NO MAN IS AN ISLAND
Sometime in my mid-forties, as a result of constant non-stop 24/7/365 travel and some small but powerful shift in brain chemistry, I stopped doing things. I stopped meeting people and became largely misanthropic. Which means, to paraphrase the great thespian Mickey Rourke in the seminal film Barfly, it’s not that I hate people, “I just feel better when they are not around.” And while John Donne’s oft-quoted poem goes, “No man is an island”, I began to feel a profound emotional affinity for lone bodies of land surrounded on all sides by water.

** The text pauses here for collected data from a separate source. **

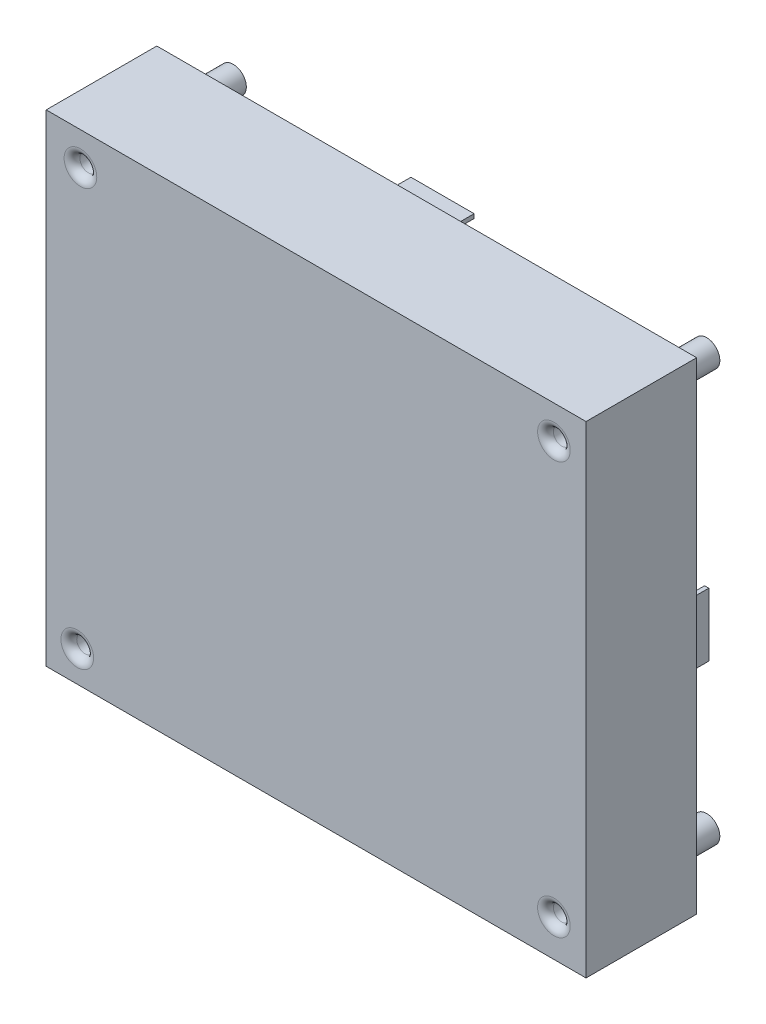
from build123d import *

# Parameters (mm, degrees)
SKETCH_1_W          = 102.5
SKETCH_1_H          = 91.5
EXTRUDE_1_DEPTH     = 21
SKETCH_2_W          = 99.5
SKETCH_2_H          = 89
CUT_EXTRUDE_1_DEPTH = 19
SKETCH_3_W          = 55
SKETCH_3_H          = 1.25
CUT_EXTRUDE_2_DEPTH = 3
SKETCH_8_R          = 1.6
EXTRUDE_2_DEPTH     = 0.1
SKETCH_9_R          = 2.5
EXTRUDE_3_DEPTH     = 27
SKETCH_12_R         = 1.6
CUT_EXTRUDE_4_DEPTH = 29
FILLET_6_R          = 1.5
SKETCH_10_W         = 0.8
SKETCH_10_H         = 12
SKETCH_10_W_2       = 12
SKETCH_10_H_2       = 0.8
EXTRUDE_4_DEPTH     = 3
FILLET_7_R          = 1.5


with BuildPart() as part:
    # Эскиз1 → Бобышка-Вытянуть1 (new body)
    with BuildSketch(Plane.XY):
        Rectangle(SKETCH_1_W, SKETCH_1_H)
    extrude(amount=-EXTRUDE_1_DEPTH)

    # Эскиз2 → Вырез-Вытянуть1 (cut)
    with BuildSketch(Plane(origin=(0, 0, -21), x_dir=(-1, 0, 0), z_dir=(0, 0, -1))):
        Rectangle(SKETCH_2_W, SKETCH_2_H)
    extrude(amount=-CUT_EXTRUDE_1_DEPTH, mode=Mode.SUBTRACT)

    # Эскиз3 → Вырез-Вытянуть2 (cut)
    with BuildSketch(Plane(origin=(0, 0, -21), x_dir=(-1, 0, 0), z_dir=(0, 0, -1))):
        with Locations((-10.25, -45.125)):
            Rectangle(SKETCH_3_W, SKETCH_3_H)
    extrude(amount=-CUT_EXTRUDE_2_DEPTH, mode=Mode.SUBTRACT)

    # Эскиз8 → Бобышка-Вытянуть2 (add)
    with BuildSketch(Plane(origin=(0, 0, -2), x_dir=(-1, 0, 0), z_dir=(0, 0, -1))):
        with Locations((-45.15, 39.5)):
            Circle(SKETCH_8_R)
        with Locations((44.75, 39.5)):
            Circle(SKETCH_8_R)
        with Locations((-45.15, -38.75)):
            Circle(SKETCH_8_R)
        with Locations((45.35, -39.9)):
            Circle(SKETCH_8_R)
    extrude(amount=EXTRUDE_2_DEPTH)

    # Эскиз9 → Бобышка-Вытянуть3 (add)
    with BuildSketch(Plane(origin=(0, 0, -2), x_dir=(-1, 0, 0), z_dir=(0, 0, -1))):
        with Locations((-45.15, 39.5)):
            Circle(SKETCH_9_R)
        with Locations((44.75, 39.5)):
            Circle(SKETCH_9_R)
        with Locations((-45.15, -38.75)):
            Circle(SKETCH_9_R)
        with Locations((45.35, -39.9)):
            Circle(SKETCH_9_R)
    extrude(amount=EXTRUDE_3_DEPTH)

    # Эскиз12 → Вырез-Вытянуть4 (cut)
    with BuildSketch(Plane(origin=(0, 0, -29), x_dir=(-1, 0, 0), z_dir=(0, 0, -1))):
        with Locations((-45.15, 39.5)):
            Circle(SKETCH_12_R)
        with Locations((44.75, 39.5)):
            Circle(SKETCH_12_R)
        with Locations((-45.15, -38.75)):
            Circle(SKETCH_12_R)
        with Locations((45.35, -39.9)):
            Circle(SKETCH_12_R)
    extrude(amount=-CUT_EXTRUDE_4_DEPTH, mode=Mode.SUBTRACT)

    # Скругление6
    fillet_6_edges = [part.edges().sort_by_distance(p)[0] for p in [
        (47.65, 39.5, -2),
        (-42.25, 39.5, -2),
        (47.65, -38.75, -2),
        (-42.85, -39.9, -2),
    ]]
    fillet(fillet_6_edges, radius=FILLET_6_R)

    # Эскиз10 → Бобышка-Вытянуть4 (add)
    with BuildSketch(Plane(origin=(0, 0, -21), x_dir=(-1, 0, 0), z_dir=(0, 0, -1))):
        with Locations((-50.15, 0)):
            Rectangle(SKETCH_10_W, SKETCH_10_H)
        with Locations((0, 44.9)):
            Rectangle(SKETCH_10_W_2, SKETCH_10_H_2)
        with Locations((50.15, 0)):
            Rectangle(SKETCH_10_W, SKETCH_10_H)
    extrude(amount=EXTRUDE_4_DEPTH)

    # Скругление7
    fillet_7_edges = [part.edges().sort_by_distance(p)[0] for p in [
        (-43.15, 39.5, 0),
        (46.75, -38.75, 0),
        (-43.75, -39.9, 0),
        (46.75, 39.5, 0),
    ]]
    fillet(fillet_7_edges, radius=FILLET_7_R)


solid = part.part

As opposed to Hugh Grant’s character in About a Boy, if I were an island I would not want to be Ibiza. I hate crowds, detest the sun and do not like music created after 1988, which coincides with the release of Straight Outta Compton, whilst the charmingly provincial habit of spraying mediocre champagne drives me to near homicidal rage. I would rather have bamboo driven beneath my fingernails and be lit on fire than find myself in Ibiza surrounded by assorted Veuve Clicquot-spewing vulgarians and troglodytes that litter its shores like human detritus. If I were an Island, I’d be like Superman’s Fortress of Solitude erected on a barren tundra so remote that no man, woman or child would be capable of accessing my inner recesses, its silhouette like a raised middle finger against the bleak sky.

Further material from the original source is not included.